NKGSB Bank holds 104th AGM; Despite Covid profit rises

Maharashtra-based NKGSB Bank has earned a net profit of Rs 14.79 crore in the 2020-21 financial year, which is more than triple in comparison to the 2019-20 FY. The bank has announced plans to give a 7 percent dividend to its shareholders for the said financial year.

The announcement was made in the 104th Annual General Meeting of the bank held recently in Mumbai. Despite the Covid-19 odds, the operating profit for the financial year 2020-21 improved to Rs 70 crore as compared to Rs 47.67 crore last year. The Net Profit after tax and provisions for the F.Y. 2020-21 improved to Rs 14.79 crore as compared to Rs 3.07 Cr. for the previous year

The business mix of the bank stood at Rs 11,264 crore. The deposits and loans and advances of the bank as of 31st March 2021 stood at Rs 6,994 crore and Rs 4,270 crore respectively. The Owned funds improved from Rs 781 crore to Rs 821 crore.

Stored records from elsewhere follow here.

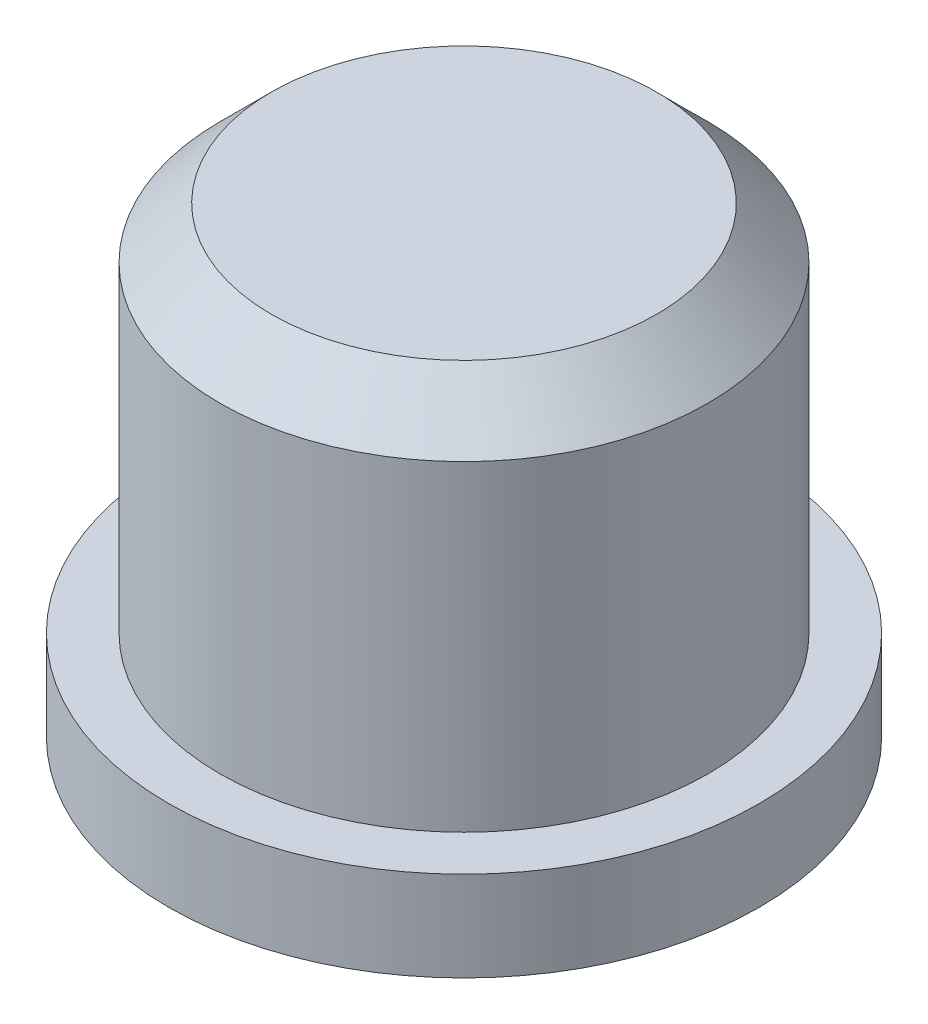
SolidWorks part; units mm, degrees
ref_plane "Front Plane" through (0, 0, 0) normal (0, 0, 1) x (1, 0, 0)
ref_plane "Top Plane" through (0, 0, 0) normal (0, 1, 0) x (1, 0, 0)
ref_plane "Right Plane" through (0, 0, 0) normal (1, 0, 0) x (0, 0, -1)
sketch "Sketch1" plane through (0, 0, 0) normal (0, 1, 0) x (1, 0, 0)
  circle A0 centre (0, 0) radius 4.75
extrude "Boss-Extrude1" add sketch "Sketch1" along normal blind 9
sketch "Sketch2" plane through (0, 0, 0) normal (0, -1, 0) x (1, 0, 0)
  circle A0 centre (0, 0) radius 5.75
extrude "Boss-Extrude2" add sketch "Sketch2" against normal blind 1.75
chamfer "Chamfer1" distance 1 angle 45 1 edges at (0, 9, 4.75)

Besides, the bank’s CRAR has improved and stood at 13.43% well above the stipulated norms of 12%. The core capital (Tier I) of the Bank has increased to a good level above 9%. The paid-up capital of the Bank as of March 31, 2021, stood at Rs 83.13 cr as compared to Rs 86.76 cr in the previous year, claims the bank financial report for the year 2020-21.

Despite the adverse impact of the pandemic, the gross NPAs have marginally increased by Rs 3.48 Cr. and placed at the level of Rs 364.55 Cr during the F.Y.2020-21. Gross NPA percentage increased from 7.36% to 8.54% and Net NPA percentage increased from 5.09% to 5.37%.

In his message to shareholders, the bank Chairman Kishore Kulkarni wrote, “The Bank is making all-out efforts to contain NPA through various methods including Legal route. The Bank has strengthened the review and monitoring system to improve the credit quality thereby bringing down slippages and to improve recovery”.

“The year 2020-21 was an unpredictable and extra-ordinary year due to the COVID-19 pandemic and affected the performance of the F.Y.2020-21. Despite the ill effects brought by the pandemic on the Bank’s business, the profitability was resilient”, he further wrote.

Meanwhile, the Bank is evaluating the option to consolidate its existing network of 109 Branches. The Bank has taken a conscious call for the merger of certain branches for optimal utilization of its existing resources and to improve operational efficiency.

The bank was established in September 1917.